The main difference between medicare and what Obama is suggesting is that it won’t be a UHC system paid for out of taxes like medicare, it would be a series of regular insurance reforms coupled with a set of insurance pools including a government one set up to take advantage of price negotiation and which cannot refuse clients. But there’s no guarantee that what Obama suggests is what the Dems and Reps will put in their bill.

And most of the Republican scare tactics have more to do with the Dems bill, or their fantasy nightmare of what they imagine Obama wants than what is actually being proposed. Also a lot of the things being bandied about as scare tactics just aren’t true (will intentionally cover illegals! will make old people commit suicide!), or are obviously irrelevant (pointing out theoretically possible flaws in the system that are already flaws in the current system), just part of partisan politics as usual.

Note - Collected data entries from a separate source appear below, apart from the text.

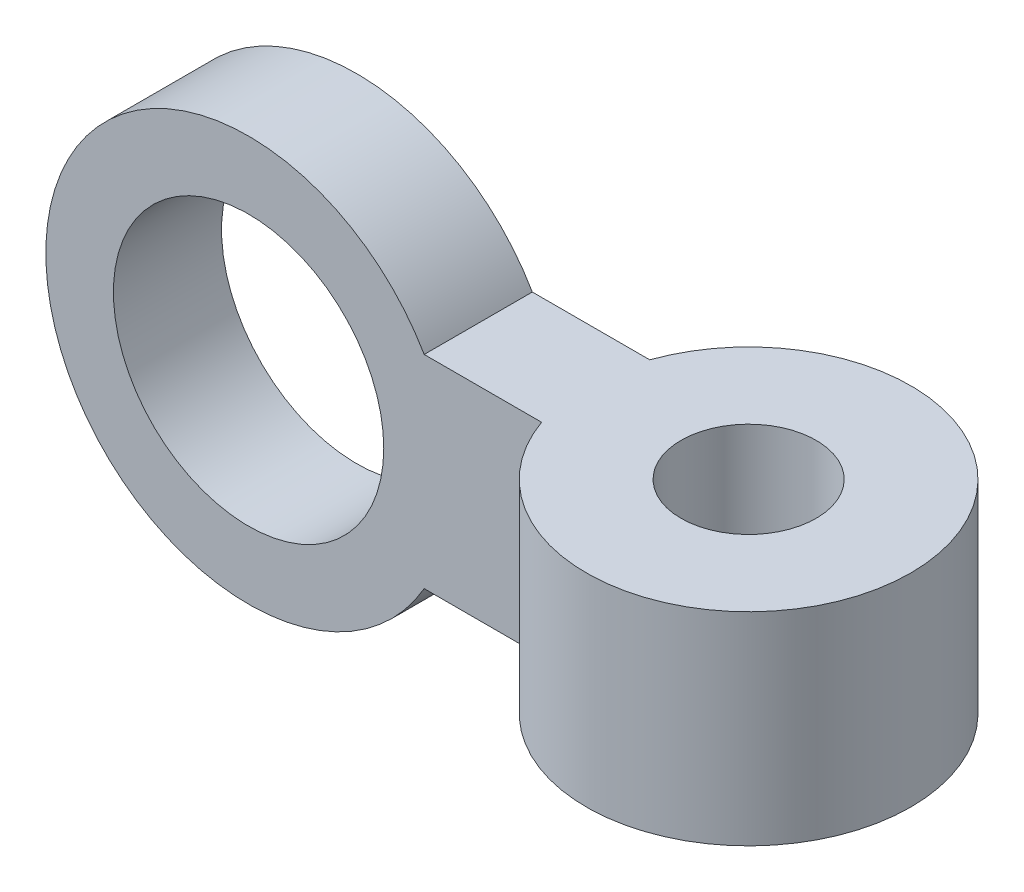
from build123d import *

# Parameters (mm, degrees)
SKETCH1_R           = 10
BOSS_EXTRUDE1_DEPTH = 8
BOSS_EXTRUDE2_DEPTH = 15
SKETCH3_R           = 5
CUT_EXTRUDE1_DEPTH  = 23.5


with BuildPart() as part:
    # Sketch1 → Boss-Extrude1 (new body)
    with BuildSketch(Plane.XY):
        with BuildLine():
            Line((12.990381057, 7.5), (32.990381057, 7.5))
            Line((32.990381057, 7.5), (32.990381057, -7.5))
            Line((32.990381057, -7.5), (12.990381057, -7.5))
            ThreePointArc((12.990381057, -7.5), (-15, 0), (12.990381057, 7.5))
        make_face()
        Circle(SKETCH1_R, mode=Mode.SUBTRACT)
    extrude(amount=BOSS_EXTRUDE1_DEPTH)

    # Sketch2 → Boss-Extrude2 (add)
    with BuildSketch(Plane(origin=(0, 7.5, 0), x_dir=(1, 0, 0), z_dir=(0, 1, 0))):
        with BuildLine():
            ThreePointArc((21.676672558, -8), (44.990381057, -4), (21.676672558, 0))
            Line((21.676672558, 0), (32.990381057, 0))
            Line((32.990381057, 0), (32.990381057, -8))
            Line((32.990381057, -8), (21.676672558, -8))
        make_face()
    extrude(amount=-BOSS_EXTRUDE2_DEPTH)

    # Sketch3 → Cut-Extrude1 (cut, through all)
    with BuildSketch(Plane(origin=(0, 7.5, 0), x_dir=(1, 0, 0), z_dir=(0, 1, 0))):
        with Locations((32.990381057, -4)):
            Circle(SKETCH3_R)
    extrude(amount=-CUT_EXTRUDE1_DEPTH, mode=Mode.SUBTRACT)


solid = part.part
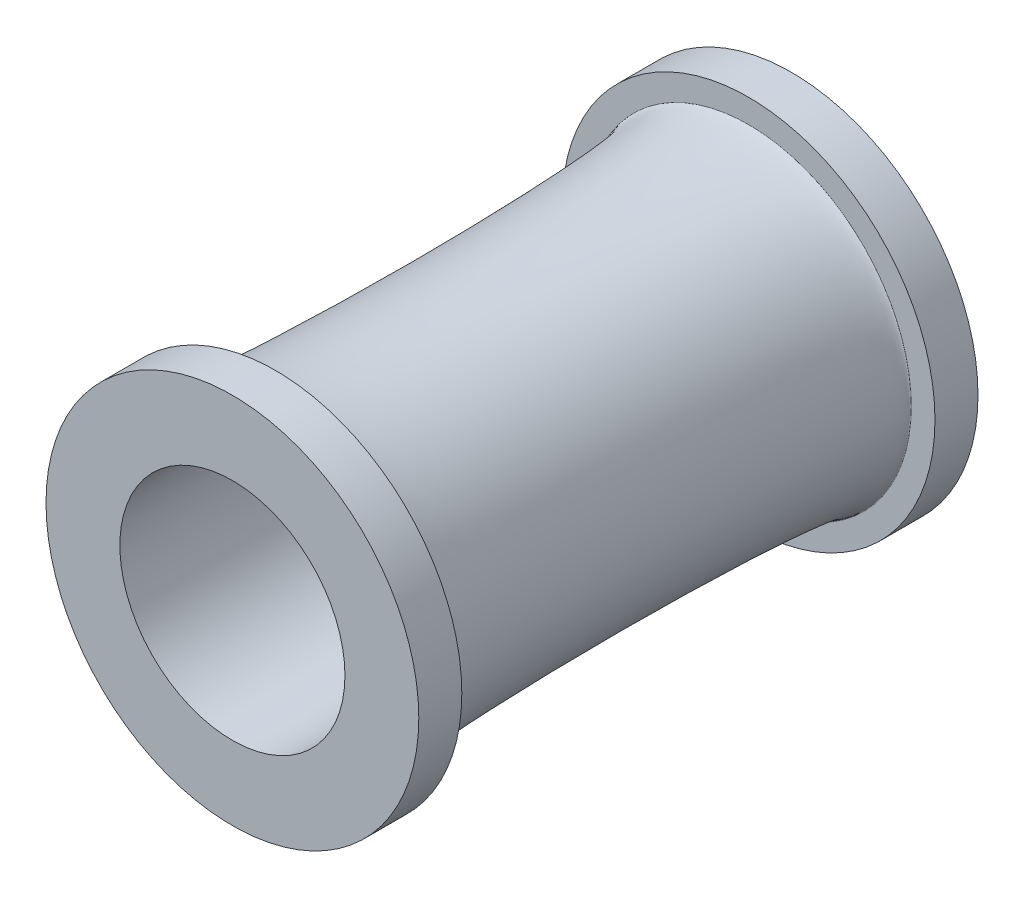
from build123d import *

# Parameters (mm, degrees)
SKETCH1_R           = 14.4145
SKETCH1_R_2         = 9.9695
BOSS_EXTRUDE1_DEPTH = 41.91
SKETCH2_R           = 19.05
SKETCH2_R_2         = 9.9695
BOSS_EXTRUDE2_DEPTH = 3.81
FILLET1_R           = 1.778
SKETCH3_RX          = 20.955
SKETCH3_RY          = 1.135862225
SKETCH4_R           = 19.05
SKETCH4_R_2         = 16.51
RIM_CUT_DEPTH       = 50.53


with BuildPart() as part:
    # Sketch1 → Boss-Extrude1 (new body)
    with BuildSketch(Plane.XY):
        Circle(SKETCH1_R)
        Circle(SKETCH1_R_2, mode=Mode.SUBTRACT)
    extrude(amount=BOSS_EXTRUDE1_DEPTH)

    # Sketch2 → Boss-Extrude2 (add)
    with BuildSketch(Plane.XY.offset(41.91)):
        Circle(SKETCH2_R)
        Circle(SKETCH2_R_2, mode=Mode.SUBTRACT)
    boss_extrude2 = extrude(amount=BOSS_EXTRUDE2_DEPTH)

    # Mirror1: Boss-Extrude2 across plane
    add(boss_extrude2.mirror(Plane.XY.offset(20.955)))

    # Fillet1
    fillet1_edges = [part.edges().sort_by_distance(p)[0] for p in [
        (-19.05, 0, 41.91),
        (-19.05, 0, 0),
    ]]
    fillet(fillet1_edges, radius=FILLET1_R)

    # Sketch3 → Cut-Revolve1 (revolve, cut)
    with BuildSketch(Plane(origin=(0, 0, 0), x_dir=(1, 0, 0), z_dir=(0, 1, 0))):
        with Locations(Location((-14.4145, -20.955), (0, 0, -90))):
            Ellipse(SKETCH3_RX, SKETCH3_RY)
    revolve(axis=Axis((0, 0, 45.72), (0, 0, -1)), mode=Mode.SUBTRACT)

    # Sketch4 → Rim_Cut (cut, through all)
    with BuildSketch(Plane(origin=(0, 0, -3.81), x_dir=(-1, 0, 0), z_dir=(0, 0, -1))):
        Circle(SKETCH4_R)
        Circle(SKETCH4_R_2, mode=Mode.SUBTRACT)
    extrude(amount=-RIM_CUT_DEPTH, mode=Mode.SUBTRACT)


solid = part.part
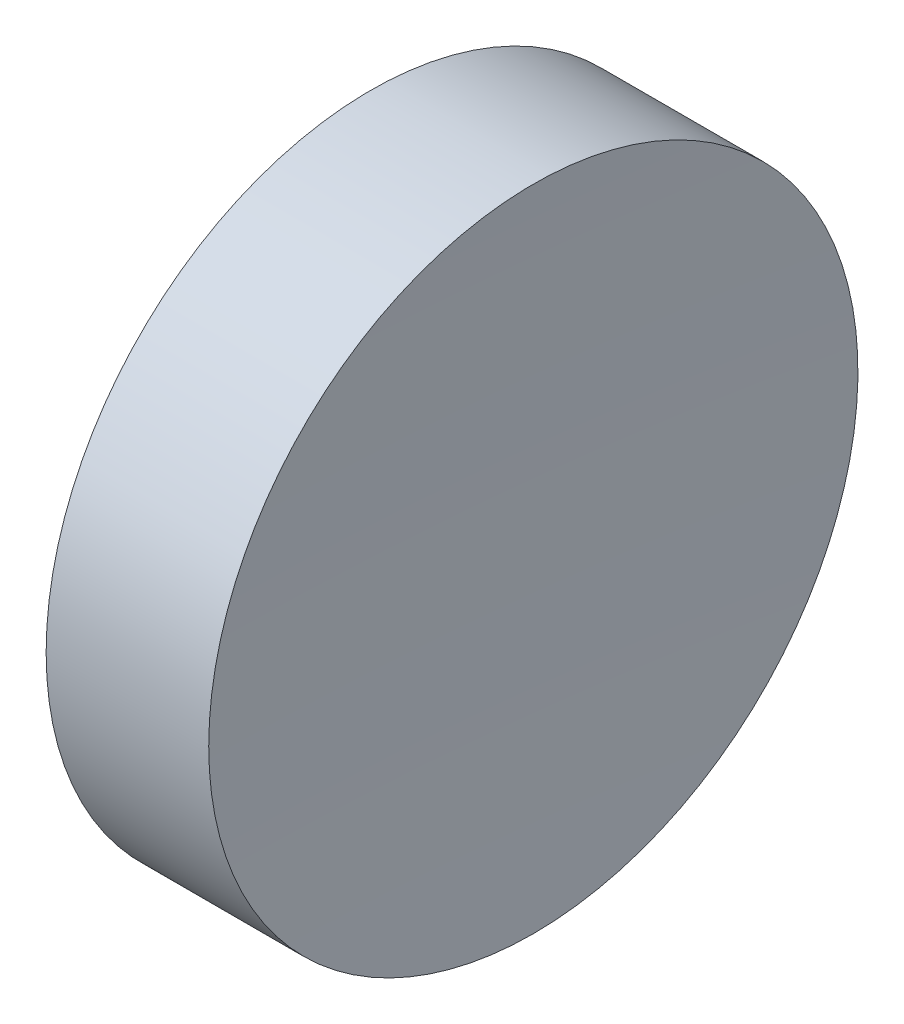
from build123d import *


with BuildPart() as part:
    # 草图1 → 旋转1 (revolve)
    with BuildSketch(Plane.XY, mode=Mode.PRIVATE) as revolve_1_sk:
        with BuildLine():
            Line((57.546327767, 34.689010562), (57.546327767, 40.939010562))
            Line((57.546327767, 40.939010562), (60.676592493, 40.939010562))
            ThreePointArc((60.676592493, 40.939010562), (60.578897356, 37.814689246), (60.546327596, 34.689010562))
            Line((60.546327596, 34.689010562), (57.546327767, 34.689010562))
        make_face()
    revolve(revolve_1_sk.sketch.rotate(Axis((54.492571501, 34.689010562, 0), (1, 0, 0)), 180), axis=Axis((54.492571501, 34.689010562, 0), (1, 0, 0)))  # turned: the seam where the file's is


solid = part.part

Medicares financial problems are the same as private health care problems. Our medical costs go up faster than inflation and have for decades. The fact is we pay too damn much for bad coverage. You are aware that our health will cost more than 40 percent of GNP within a few years. Does that mean private insurance is badly run. It is, but that alone is not the whole story. We have to hold down all medical costs . We have to rein the hospitals, doctors and other medical professions . We have to rethink our whole system. Going along with private insurers is a disaster. Letting all the people get into Medicare may be too. But Medicare still is run a hell of a lot cheaper than our for profit sector.

And again, the naysayers are adamant that government is incapable of meeting that standard, even for a little while.

Cite?

I mean, even Bill Clinton doesn’t usually go that far in attributing that kind of negativism to naysayers; here’s a helpful quote from an article in a magazine that just now hit the newsstands: “The whole idea was that government would mess up a two-car parade, therefore the only thing it was good for was cutting taxes, laying concrete, and supporting the Defense Department.” Because, y’know, even staunch right-wingers tend to say nice things about the US military.

Let’s have a cite that private insurance companies are due to become insolvent in a few years, if their problems are the same.

Regards,
Shodan

And in the end, this is what it all comes down to. The south lost the Civil War, then they couldn’t have segregation, then a Black man was elected president. The south is the poorest, least educated, least fit, and sickest part of the US, but damned it they are gonna allow the gummint carpet baggers come down there and fix things.

Yes, that’s it exactly: the Democratic Senators from Virginia and North Carolina and Arkansas and Louisiana and Florida are doing their level best to stop the Republican Senators from Maine and Indiana and Ohio and Iowa and Kansas before – no, wait, that doesn’t make a lick of sense, plus I’m not exactly sure where Joe Lieberman is supposed to fit in.

If the Grant-v-Lee comparison is distracting you, swap in something else. Like, say, a comic-book martial artist who (a) can use his superior skill to beat guys who are faster and stronger than he is, though he still (b) loses to Superman, because, hey, that guy’s a lot faster and stronger, and being more skilled only goes so far. Whatever helps you.